Slavin Konstantin V, Nersesyan Hrachya, Colpan Mustafa E, Munawar Naureen
Section of Stereotactic and Functional Neurosurgery, Department of Neurosurgery, University of Illinois Medical Center at Chicago, Chicago, Illinois, USA.
Head Face Med. 2007 Jul 25;3:30. doi: 10.1186/1746-160X-3-30.
Facial pain may be divided into several distinct categories, each requiring a specific treatment approach. In some cases, however, such categorization is difficult and treatment is ineffective. We reviewed our extensive clinical experience and designed an algorithmic approach to the treatment of medically intractable facial pain that can be treated through surgical intervention.

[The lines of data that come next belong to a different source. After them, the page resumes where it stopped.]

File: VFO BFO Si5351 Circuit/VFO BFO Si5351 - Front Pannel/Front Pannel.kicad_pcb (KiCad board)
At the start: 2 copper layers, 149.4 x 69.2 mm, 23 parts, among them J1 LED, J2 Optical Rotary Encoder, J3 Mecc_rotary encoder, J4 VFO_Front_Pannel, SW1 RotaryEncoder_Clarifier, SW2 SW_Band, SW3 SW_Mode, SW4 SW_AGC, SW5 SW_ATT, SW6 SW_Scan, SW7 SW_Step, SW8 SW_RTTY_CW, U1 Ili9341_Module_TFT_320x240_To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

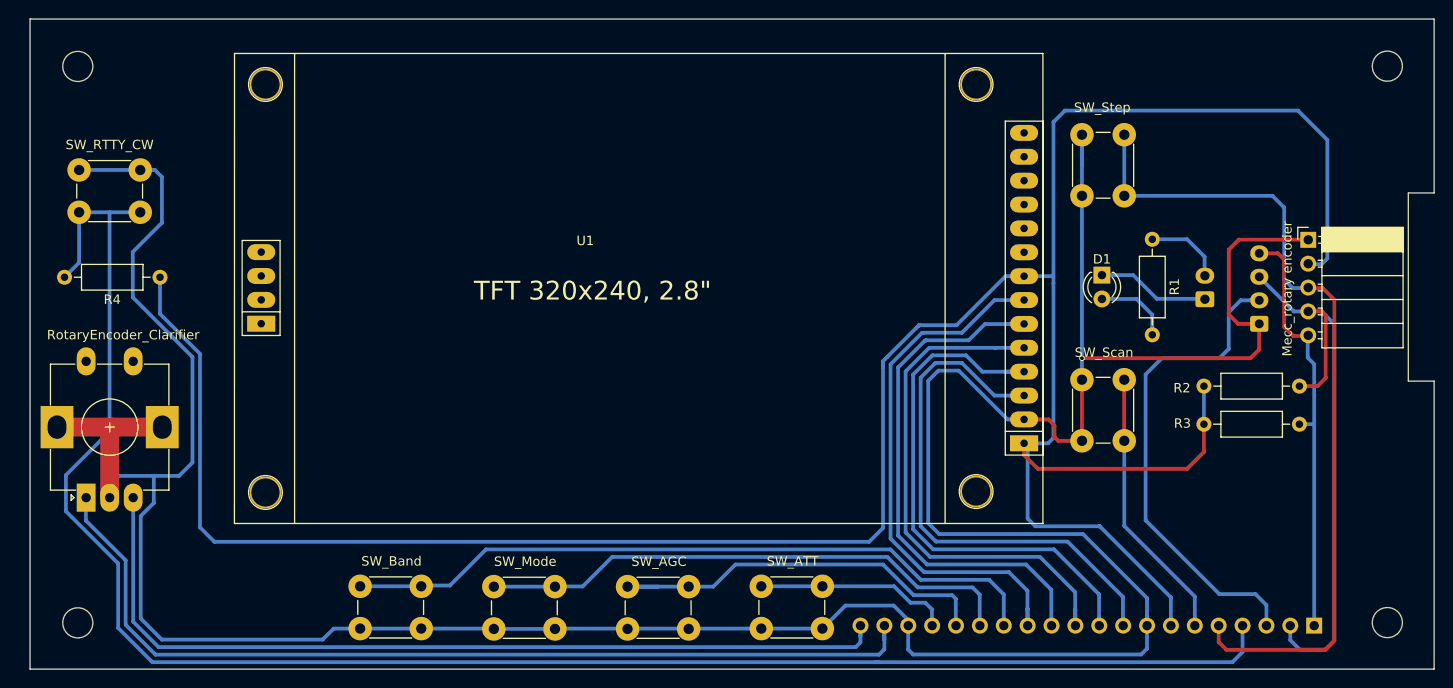
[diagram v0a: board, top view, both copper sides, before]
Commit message: PDF distenta componenti e  schemi elettrico e di montaggio
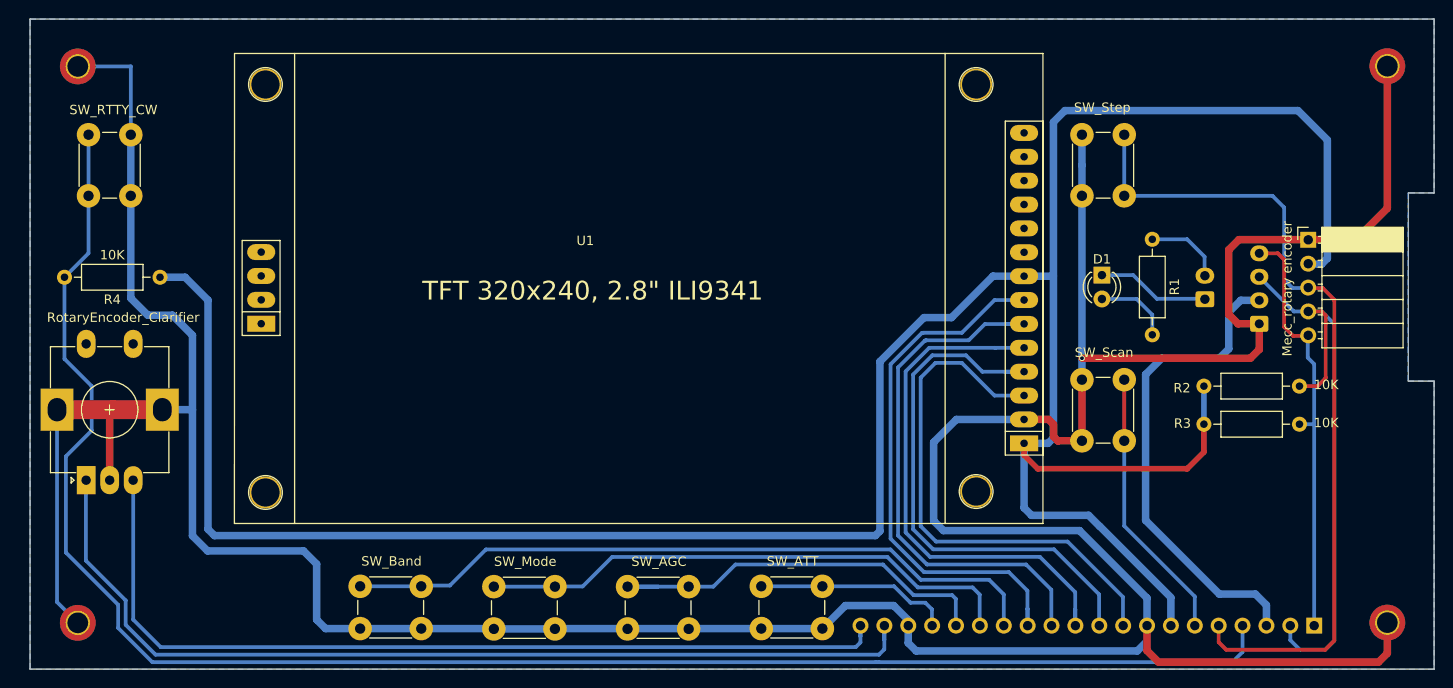
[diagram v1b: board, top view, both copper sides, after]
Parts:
- H1, H2, H3, H4: footprint MountingHole:MountingHole_3.2mm_M3_DIN965 -> MountingHole:MountingHole_2.2mm_M2_DIN965_Pad_TopBottom
- R2, R3: value 4.7K -> 10K
- moved SW8 6.66 mm to (79.1, 69.8), turned to -90 degrees
- moved SW1 1.86 mm to (74.4, 106.6)
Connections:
- D1 pad 1: Net-(D1-K) -> GND
- J1 pad 1: Net-(D1-K) -> GND
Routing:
- net GND: track 351.8 -> 426.5 mm
- net Net-(D1-K): track 12.0 -> 0.00 mm
- net SW_RTTY_CW: track 186.9 -> 182.5 mm
- net CLK-2: track 102.1 -> 104.0 mm
- net DT-2: track 94.6 -> 96.3 mm
- added copper zone on B.Cu, net GND
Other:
- board text added: "ESP32_VFO-BFO_EVO V1.1"
- board text removed: "ESP32_VFO-BFO_EVO V1.0"

Our treatment algorithm is based on taking into account underlying pathological processes, the anatomical distribution of pain, pain characteristics, the patient's age and medical condition, associated medical problems, the history of previous surgical interventions, and, in some cases, the results of psychological evaluation. The treatment modalities involved in this algorithm include diagnostic blocks, peripheral denervation procedures, craniotomy for microvascular decompression of cranial nerves, percutaneous rhizotomies using radiofrequency ablation, glycerol injection, balloon compression, peripheral nerve stimulation procedures, stereotactic radiosurgery, percutaneous trigeminal tractotomy, and motor cortex stimulation. We recommend that some patients not receive surgery at all, but rather be referred for other medical or psychological treatment.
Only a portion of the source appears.